Here's the whole of 10.2 lifted from http://www.fide.com/component/handbook/ ... ew=article

Quote:
10.2


If the player, having the move, has less than two minutes left on his clock, he may claim a draw before his flag falls. He shall summon the arbiter and may stop the clocks. (See Article 6.12.b)


a.


If the arbiter agrees the opponent is making no effort to win the game by normal means, or that it is not possible to win by normal means, then he shall declare the game drawn. Otherwise he shall postpone his decision or reject the claim.


b.


If the arbiter postpones his decision, the opponent may be awarded two extra minutes and the game shall continue, if possible in the presence of an arbiter.
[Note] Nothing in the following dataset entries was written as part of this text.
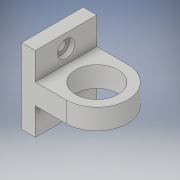
# Autodesk Inventor part: Organic Filter Holder
Saved by Autodesk Inventor 2019 (Build 230136000, 136)
## iProperties
Created: 2019-08-20
Part Number: Organic Filter Holder
Material: Generic
Document SubType Name: Modeling
Designer: dewanlab
Density: 1 g/cm^3
Appearance: Default
Author: dewanlab
Autodesk Inventor part; units mm, degrees
ref_plane "YZ Plane" through (0, 0, 0) normal (1, 0, 0) x (0, 1, 0)
ref_plane "XZ Plane" through (0, 0, 0) normal (0, 1, 0) x (-1, 0, 0)
ref_plane "XY Plane" through (0, 0, 0) normal (0, 0, 1) x (1, 0, 0)
sketch "Sketch1" plane through (0, 0, 0) normal (1, 0, 0) x (0, 1, 0)
  line L0 (33.4134, 34.8656) -> (-36.4366, 34.8656)
  line L1 (-36.4366, 34.8656) -> (-36.4366, -22.2844)
  line L2 (-36.4366, -22.2844) -> (33.4134, -22.2844)
  line L3 (33.4134, -22.2844) -> (33.4134, 34.8656)
  point P0 (0, 0)
  dimension "d0" = 57.15
  dimension "d1" = 69.85
  constraints: 8 end point, 2 parallel, 1 horizontal, 1 perpendicular
  measures "d0" distance between parallel lines of L2 L0
  measures "d1" distance between parallel lines of L1 L3
extrude "Extrusion1" add sketch "Sketch1" along normal blind 12.7
sketch "Sketch2" plane through (12.7, 0, 0) normal (1, 0, 0) x (0, 0, -1)
  line L0 (-34.8656, 8.0134) -> (22.2844, 8.0134)
  line L1 (22.2844, 8.0134) -> (22.2844, -11.0366)
  line L2 (22.2844, -11.0366) -> (-34.8656, -11.0366)
  line L3 (-34.8656, -11.0366) -> (-34.8656, 8.0134)
  line L4 (22.2844, -36.4366) -> (22.2844, 33.4134) projected
  line L5 (-34.8656, 33.4134) -> (-34.8656, -36.4366) projected
  line L6 (22.2844, 33.4134) -> (-34.8656, 33.4134) projected
  point P0 (0, 0)
  dimension "d5" = 0
  dimension "d9" = 57.15
  dimension "d16" = 19.05
  dimension "d17" = 25.4
  constraints: 8 end point, 2 parallel, 1 horizontal, 1 perpendicular
  measures "d5" distance between parallel lines of L5 L3
  measures "d9" distance between parallel lines of L1 L3
  measures "d16" distance between parallel lines of L2 L0
  measures "d17" distance between parallel lines of L0 L6
extrude "Extrusion2" add sketch "Sketch2" along normal blind 57.15 contours L0 L1 L2 L3
fillet "Fillet1" radius 28.575 1 edges at (69.85, -1.5116, 34.8656)
fillet "Fillet2" radius 28.575 1 edges at (69.85, -1.5116, -22.2844)
sketch "Sketch3" plane through (12.7, 8.0134, 34.8656) normal (0, 1, 0) x (1, 0, 0)
  circle A0 centre (28.575, 28.575) radius 19.812
  line L0 (0, 0) -> (28.575, 0) projected
  line L1 (0, 57.15) -> (0, 0) projected
  point P0 (-12.7, 34.8656)
  dimension "d11" = 39.624
  dimension "d12" = 28.575
  dimension "d13" = 28.575
  constraints: 1 centre point
  measures "d11" diameter of A0
  measures "d12" distance from line of L0 A0.centre
  measures "d13" distance from line of L1 A0.centre
extrude "Extrusion3" cut sketch "Sketch3" against normal blind 50.8
sketch "Sketch4" plane through (12.7, 0, 0) normal (1, 0, 0) x (0, 0, -1)
  point P0 (0, 0)
sketch "Sketch5" plane through (12.7, 0, 0) normal (1, 0, 0) x (0, 0, -1)
  line L0 (22.2844, -36.4366) -> (22.2844, 33.4134) projected
  line L1 (22.2844, 33.4134) -> (-34.8656, 33.4134) projected
  point P0 (0, 0)
  point P1 (-6.2906, 20.7134)
  dimension "d25" = 28.575
  dimension "d35" = 12.7
  measures "d25" distance from line of L0 point (-6.291, 20.713)
  measures "d35" distance from line of L1 point (-6.291, 20.713)
hole "Hole1" at (12.7, 20.7134, 6.2906) direction (-1, 0, 0) diameter 8.4328 end through all counterbore diameter 15.875 counterbore depth 4.7625 clearance for "Socket Head Cap Screw" size "5/16" standard "Ansi Unified Screw Threads"
sketch "Sketch6" plane through (12.7, 0, 0) normal (1, 0, 0) x (0, 0, -1)
  line L0 (22.2844, -36.4366) -> (22.2844, 33.4134) projected
  line L1 (-34.8656, -36.4366) -> (22.2844, -36.4366) projected
  point P0 (0, 0)
  point P1 (-6.2906, -23.7366)
  dimension "d33" = 28.575
  dimension "d34" = 12.7
  measures "d33" distance from line of L0 point (-6.291, -23.737)
  measures "d34" distance from line of L1 point (-6.291, -23.737)
hole "Hole2" at (12.7, -23.7366, 6.2906) direction (-1, 0, 0) diameter 8.4328 end through all counterbore diameter 15.875 counterbore depth 4.7625 clearance for "Socket Head Cap Screw" size "5/16" standard "Ansi Unified Screw Threads"
body "Solid1"

The arbiter shall declare the final result later in the game or as soon as possible after a flag has fallen. He shall declare the game drawn if he agrees that the final position cannot be won by normal means, or that the opponent was not making sufficient attempts to win by normal means.


c.


If the arbiter has rejected the claim, the opponent shall be awarded two extra minutes time.


d.


The decision of the arbiter shall be final relating to (a), (b) and (c).


The arbiter is quite at liberty to declare the game drawn on first sight of the position without having seen any of the previous play and you would hope he or she would have sufficient chess knowledge that, for example, R+1 cannot win "normally" against R+2 with no passed pawns to declare such a game drawn without more ado.

Quote:
If the arbiter agrees .... then he shall declare the game drawn.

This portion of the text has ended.